> [EXERCISE OBJECTIVE] In the entries that follow, find each line with the word "CIRCLE" and copy it.

════════

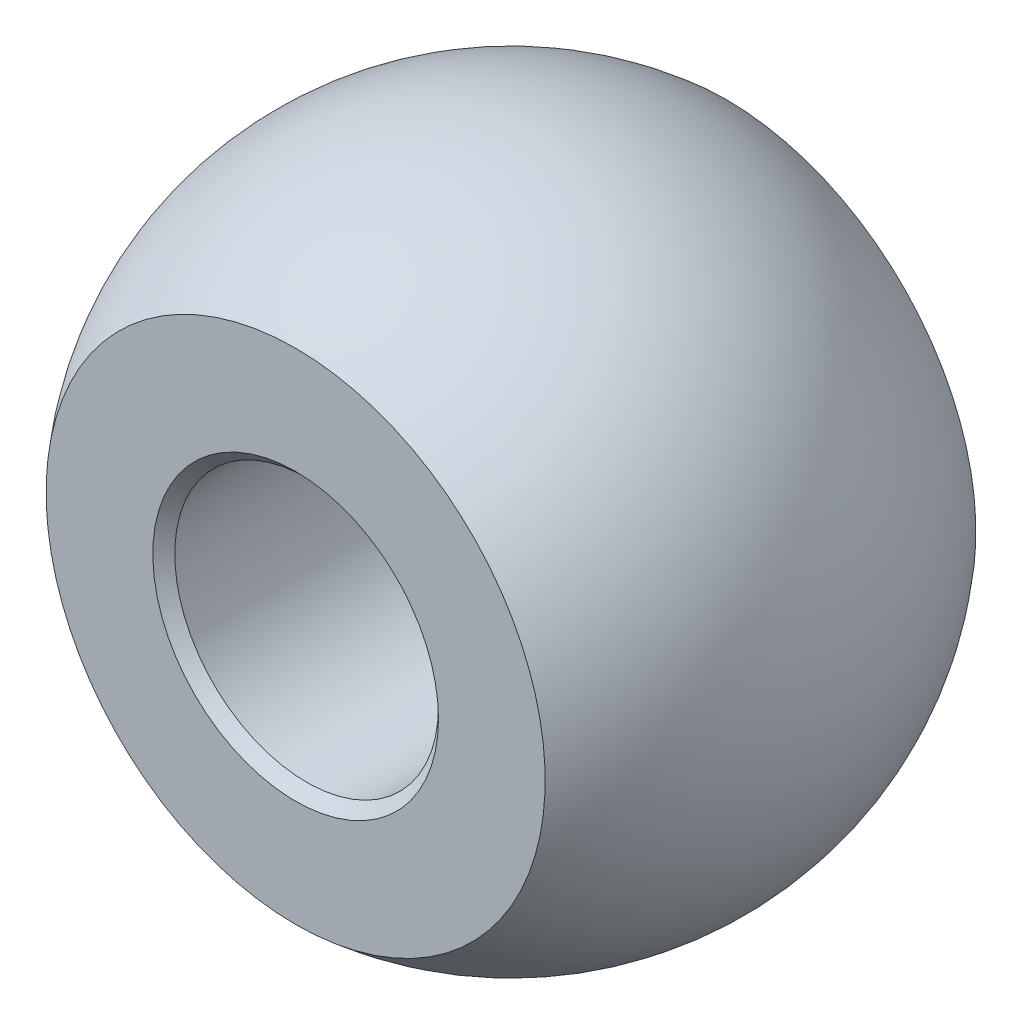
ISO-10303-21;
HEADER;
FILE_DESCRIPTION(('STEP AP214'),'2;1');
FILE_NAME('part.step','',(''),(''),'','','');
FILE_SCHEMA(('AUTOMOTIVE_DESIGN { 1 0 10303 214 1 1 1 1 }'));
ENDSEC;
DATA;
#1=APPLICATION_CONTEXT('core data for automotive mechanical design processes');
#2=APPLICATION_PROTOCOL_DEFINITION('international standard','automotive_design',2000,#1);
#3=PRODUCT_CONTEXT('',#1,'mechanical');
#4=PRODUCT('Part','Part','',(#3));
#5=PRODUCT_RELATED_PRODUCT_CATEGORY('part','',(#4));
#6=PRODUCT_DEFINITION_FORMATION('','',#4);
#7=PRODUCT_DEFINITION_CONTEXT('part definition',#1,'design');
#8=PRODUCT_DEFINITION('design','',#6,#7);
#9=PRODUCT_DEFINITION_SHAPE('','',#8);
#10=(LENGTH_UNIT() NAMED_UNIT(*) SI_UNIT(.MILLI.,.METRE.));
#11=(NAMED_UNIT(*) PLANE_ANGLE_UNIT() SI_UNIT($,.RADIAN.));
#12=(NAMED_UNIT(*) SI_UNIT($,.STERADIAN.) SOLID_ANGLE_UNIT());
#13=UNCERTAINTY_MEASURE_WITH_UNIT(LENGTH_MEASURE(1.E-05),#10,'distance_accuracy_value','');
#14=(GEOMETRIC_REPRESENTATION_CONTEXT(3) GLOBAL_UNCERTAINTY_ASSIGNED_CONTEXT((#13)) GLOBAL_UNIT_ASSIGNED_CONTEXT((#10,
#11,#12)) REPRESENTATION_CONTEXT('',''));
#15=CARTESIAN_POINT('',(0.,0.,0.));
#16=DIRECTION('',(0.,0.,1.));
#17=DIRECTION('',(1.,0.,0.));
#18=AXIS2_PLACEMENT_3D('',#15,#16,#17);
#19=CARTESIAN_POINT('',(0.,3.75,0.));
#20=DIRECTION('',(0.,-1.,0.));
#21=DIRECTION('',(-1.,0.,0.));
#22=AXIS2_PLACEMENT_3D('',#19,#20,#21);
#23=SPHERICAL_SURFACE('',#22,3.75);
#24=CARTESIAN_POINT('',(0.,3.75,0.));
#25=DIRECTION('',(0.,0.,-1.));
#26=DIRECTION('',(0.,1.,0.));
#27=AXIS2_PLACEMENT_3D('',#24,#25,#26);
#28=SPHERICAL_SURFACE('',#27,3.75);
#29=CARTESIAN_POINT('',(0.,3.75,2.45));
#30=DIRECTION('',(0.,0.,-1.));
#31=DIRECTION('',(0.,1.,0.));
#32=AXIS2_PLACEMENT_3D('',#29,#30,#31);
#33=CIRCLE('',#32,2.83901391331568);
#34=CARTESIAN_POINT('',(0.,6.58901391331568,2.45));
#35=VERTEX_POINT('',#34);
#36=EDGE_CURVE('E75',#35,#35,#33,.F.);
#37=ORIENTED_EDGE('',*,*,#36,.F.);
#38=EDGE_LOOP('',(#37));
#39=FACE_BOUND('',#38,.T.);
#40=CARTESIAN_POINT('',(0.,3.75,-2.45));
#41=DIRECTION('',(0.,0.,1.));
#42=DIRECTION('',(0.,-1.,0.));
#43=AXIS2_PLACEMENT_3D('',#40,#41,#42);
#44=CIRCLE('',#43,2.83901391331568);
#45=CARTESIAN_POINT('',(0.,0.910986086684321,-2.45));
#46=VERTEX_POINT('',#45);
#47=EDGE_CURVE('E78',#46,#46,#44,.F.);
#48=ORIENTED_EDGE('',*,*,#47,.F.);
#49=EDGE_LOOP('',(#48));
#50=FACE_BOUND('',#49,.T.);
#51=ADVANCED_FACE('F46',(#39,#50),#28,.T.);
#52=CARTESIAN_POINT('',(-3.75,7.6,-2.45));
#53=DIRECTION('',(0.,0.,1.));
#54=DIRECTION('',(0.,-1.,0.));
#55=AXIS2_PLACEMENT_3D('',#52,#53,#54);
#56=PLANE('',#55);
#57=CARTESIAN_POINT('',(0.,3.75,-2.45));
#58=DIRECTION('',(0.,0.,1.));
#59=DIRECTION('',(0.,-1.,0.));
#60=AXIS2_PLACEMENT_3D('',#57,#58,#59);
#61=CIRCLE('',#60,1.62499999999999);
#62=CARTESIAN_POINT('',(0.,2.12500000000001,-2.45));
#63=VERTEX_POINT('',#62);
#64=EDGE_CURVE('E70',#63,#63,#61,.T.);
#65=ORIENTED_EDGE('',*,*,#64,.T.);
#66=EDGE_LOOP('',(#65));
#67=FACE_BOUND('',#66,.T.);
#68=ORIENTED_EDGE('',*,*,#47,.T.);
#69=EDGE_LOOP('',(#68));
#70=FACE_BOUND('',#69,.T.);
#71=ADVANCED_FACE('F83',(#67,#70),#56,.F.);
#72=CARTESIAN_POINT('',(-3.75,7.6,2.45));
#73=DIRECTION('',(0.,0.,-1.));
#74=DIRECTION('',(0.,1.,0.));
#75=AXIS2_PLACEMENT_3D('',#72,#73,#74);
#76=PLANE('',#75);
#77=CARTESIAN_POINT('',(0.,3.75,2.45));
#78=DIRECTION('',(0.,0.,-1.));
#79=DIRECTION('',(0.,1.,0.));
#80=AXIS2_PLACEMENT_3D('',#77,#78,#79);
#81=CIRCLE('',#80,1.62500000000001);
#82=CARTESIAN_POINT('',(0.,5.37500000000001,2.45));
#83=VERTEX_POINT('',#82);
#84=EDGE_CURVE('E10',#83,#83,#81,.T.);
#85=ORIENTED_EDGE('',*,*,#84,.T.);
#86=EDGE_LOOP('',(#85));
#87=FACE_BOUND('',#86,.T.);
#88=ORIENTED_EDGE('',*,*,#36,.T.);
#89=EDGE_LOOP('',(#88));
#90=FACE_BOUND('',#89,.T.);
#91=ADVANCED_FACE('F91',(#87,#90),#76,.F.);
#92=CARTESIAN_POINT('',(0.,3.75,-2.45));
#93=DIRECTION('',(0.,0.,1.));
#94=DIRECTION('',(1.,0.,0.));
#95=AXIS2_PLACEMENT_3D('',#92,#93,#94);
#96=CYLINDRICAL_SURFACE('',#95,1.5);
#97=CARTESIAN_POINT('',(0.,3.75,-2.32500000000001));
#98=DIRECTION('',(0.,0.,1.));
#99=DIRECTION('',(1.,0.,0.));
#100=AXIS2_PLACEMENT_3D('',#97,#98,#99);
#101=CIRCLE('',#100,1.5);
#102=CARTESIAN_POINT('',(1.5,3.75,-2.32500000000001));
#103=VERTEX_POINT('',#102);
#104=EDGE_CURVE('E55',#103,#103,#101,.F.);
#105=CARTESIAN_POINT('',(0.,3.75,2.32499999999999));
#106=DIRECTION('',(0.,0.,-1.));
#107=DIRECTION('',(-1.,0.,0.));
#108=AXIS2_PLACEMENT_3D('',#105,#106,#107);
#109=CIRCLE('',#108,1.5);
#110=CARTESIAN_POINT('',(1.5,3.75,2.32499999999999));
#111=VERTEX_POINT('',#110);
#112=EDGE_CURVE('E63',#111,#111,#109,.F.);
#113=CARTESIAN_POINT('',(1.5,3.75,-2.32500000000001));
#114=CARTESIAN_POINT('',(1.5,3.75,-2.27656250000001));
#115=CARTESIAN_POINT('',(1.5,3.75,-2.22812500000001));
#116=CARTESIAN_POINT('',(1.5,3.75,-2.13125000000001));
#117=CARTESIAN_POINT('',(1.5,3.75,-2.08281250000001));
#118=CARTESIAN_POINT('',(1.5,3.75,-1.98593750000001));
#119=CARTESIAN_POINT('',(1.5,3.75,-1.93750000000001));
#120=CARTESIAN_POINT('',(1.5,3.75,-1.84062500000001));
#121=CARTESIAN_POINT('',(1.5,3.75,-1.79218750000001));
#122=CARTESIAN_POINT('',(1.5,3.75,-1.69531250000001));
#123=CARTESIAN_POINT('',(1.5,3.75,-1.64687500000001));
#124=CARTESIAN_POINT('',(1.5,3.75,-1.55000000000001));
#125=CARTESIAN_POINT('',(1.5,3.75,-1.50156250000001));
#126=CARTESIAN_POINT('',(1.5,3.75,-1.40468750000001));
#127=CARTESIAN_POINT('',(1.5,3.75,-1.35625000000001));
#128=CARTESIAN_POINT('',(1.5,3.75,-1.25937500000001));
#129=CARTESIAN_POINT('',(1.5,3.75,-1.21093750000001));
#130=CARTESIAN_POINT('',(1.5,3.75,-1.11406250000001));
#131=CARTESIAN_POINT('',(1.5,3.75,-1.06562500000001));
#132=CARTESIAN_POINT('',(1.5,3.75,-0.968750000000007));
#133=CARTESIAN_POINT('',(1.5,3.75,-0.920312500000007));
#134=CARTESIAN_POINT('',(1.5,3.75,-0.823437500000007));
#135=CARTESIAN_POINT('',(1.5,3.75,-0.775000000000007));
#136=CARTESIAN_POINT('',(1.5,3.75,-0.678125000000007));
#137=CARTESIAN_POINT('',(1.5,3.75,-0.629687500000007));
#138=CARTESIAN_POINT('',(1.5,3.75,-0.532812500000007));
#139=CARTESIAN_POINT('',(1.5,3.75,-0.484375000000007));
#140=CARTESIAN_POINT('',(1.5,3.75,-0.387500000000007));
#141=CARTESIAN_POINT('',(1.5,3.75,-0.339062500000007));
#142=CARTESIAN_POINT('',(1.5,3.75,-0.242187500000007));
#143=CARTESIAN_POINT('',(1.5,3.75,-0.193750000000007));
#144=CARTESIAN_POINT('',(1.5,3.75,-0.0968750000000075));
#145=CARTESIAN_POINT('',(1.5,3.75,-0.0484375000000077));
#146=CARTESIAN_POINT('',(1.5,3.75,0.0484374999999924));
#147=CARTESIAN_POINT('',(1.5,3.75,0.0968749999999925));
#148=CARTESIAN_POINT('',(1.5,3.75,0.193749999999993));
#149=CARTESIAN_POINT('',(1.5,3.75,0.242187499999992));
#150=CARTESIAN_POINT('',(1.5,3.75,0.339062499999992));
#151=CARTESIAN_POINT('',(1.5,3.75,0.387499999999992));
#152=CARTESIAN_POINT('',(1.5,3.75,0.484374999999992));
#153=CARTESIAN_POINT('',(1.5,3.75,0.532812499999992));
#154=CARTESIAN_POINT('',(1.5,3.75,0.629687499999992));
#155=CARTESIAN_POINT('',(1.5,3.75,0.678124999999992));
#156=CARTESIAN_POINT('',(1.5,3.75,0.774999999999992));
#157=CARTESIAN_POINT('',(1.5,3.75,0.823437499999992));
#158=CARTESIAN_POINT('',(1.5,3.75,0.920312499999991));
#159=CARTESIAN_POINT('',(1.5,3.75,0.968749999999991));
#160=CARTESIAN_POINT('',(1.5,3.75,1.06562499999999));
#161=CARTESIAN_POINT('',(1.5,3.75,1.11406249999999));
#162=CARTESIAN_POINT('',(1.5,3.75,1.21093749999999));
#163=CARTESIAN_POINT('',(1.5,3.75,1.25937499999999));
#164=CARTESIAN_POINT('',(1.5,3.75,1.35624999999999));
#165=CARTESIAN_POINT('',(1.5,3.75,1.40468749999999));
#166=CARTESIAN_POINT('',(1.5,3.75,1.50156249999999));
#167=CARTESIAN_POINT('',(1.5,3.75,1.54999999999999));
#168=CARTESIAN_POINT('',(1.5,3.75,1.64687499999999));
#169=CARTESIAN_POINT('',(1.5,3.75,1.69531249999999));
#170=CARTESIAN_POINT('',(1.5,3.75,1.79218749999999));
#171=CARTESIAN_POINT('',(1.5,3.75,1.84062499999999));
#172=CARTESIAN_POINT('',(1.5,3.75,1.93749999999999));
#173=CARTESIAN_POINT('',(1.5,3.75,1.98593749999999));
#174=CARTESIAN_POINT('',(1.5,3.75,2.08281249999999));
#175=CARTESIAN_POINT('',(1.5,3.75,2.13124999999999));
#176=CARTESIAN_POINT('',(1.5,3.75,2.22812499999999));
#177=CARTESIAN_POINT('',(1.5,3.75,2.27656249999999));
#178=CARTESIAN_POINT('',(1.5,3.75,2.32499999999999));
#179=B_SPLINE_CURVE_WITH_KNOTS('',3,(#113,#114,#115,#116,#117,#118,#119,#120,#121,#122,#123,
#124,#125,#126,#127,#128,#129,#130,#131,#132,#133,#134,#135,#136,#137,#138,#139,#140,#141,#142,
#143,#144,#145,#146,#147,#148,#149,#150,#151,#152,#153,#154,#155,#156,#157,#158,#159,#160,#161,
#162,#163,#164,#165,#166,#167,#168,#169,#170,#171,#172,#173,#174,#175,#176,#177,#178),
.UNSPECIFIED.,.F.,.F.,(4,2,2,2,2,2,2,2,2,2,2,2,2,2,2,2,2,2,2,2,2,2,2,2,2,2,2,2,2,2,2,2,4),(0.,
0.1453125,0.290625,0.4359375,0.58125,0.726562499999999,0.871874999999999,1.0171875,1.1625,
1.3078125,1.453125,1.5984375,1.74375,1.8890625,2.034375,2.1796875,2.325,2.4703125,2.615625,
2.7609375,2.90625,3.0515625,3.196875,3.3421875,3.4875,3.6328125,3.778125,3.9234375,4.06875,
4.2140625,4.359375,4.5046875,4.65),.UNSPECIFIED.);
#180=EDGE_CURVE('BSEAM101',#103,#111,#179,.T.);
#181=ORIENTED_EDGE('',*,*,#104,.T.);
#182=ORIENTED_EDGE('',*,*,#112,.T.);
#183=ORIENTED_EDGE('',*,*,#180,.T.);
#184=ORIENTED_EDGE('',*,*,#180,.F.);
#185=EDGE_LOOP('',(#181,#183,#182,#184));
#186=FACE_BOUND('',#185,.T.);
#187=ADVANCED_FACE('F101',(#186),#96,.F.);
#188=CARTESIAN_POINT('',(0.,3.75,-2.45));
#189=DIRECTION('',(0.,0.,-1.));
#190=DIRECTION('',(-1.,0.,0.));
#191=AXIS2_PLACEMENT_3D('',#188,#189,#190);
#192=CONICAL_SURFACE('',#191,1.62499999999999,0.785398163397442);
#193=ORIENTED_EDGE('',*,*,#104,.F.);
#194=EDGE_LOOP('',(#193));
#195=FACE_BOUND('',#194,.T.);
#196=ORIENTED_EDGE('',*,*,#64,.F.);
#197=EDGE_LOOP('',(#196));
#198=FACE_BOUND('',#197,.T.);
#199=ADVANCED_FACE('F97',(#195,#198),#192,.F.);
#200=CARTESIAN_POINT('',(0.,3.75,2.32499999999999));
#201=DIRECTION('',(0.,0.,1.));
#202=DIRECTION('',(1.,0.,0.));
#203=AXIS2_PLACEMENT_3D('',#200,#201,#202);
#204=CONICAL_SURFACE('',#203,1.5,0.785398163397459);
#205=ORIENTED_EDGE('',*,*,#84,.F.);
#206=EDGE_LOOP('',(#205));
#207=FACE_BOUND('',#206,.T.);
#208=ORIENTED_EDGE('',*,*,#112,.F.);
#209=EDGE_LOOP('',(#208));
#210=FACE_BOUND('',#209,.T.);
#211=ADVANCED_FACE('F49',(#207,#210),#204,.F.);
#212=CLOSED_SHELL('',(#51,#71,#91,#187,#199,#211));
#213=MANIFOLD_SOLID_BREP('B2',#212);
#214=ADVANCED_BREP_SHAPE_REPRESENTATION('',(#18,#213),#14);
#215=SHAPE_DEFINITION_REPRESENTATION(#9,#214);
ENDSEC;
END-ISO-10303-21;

════════

> [RESPONSE TO THIS TASK]
#33=CIRCLE('',#32,2.83901391331568);
#44=CIRCLE('',#43,2.83901391331568);
#61=CIRCLE('',#60,1.62499999999999);
#81=CIRCLE('',#80,1.62500000000001);
#101=CIRCLE('',#100,1.5);
#109=CIRCLE('',#108,1.5);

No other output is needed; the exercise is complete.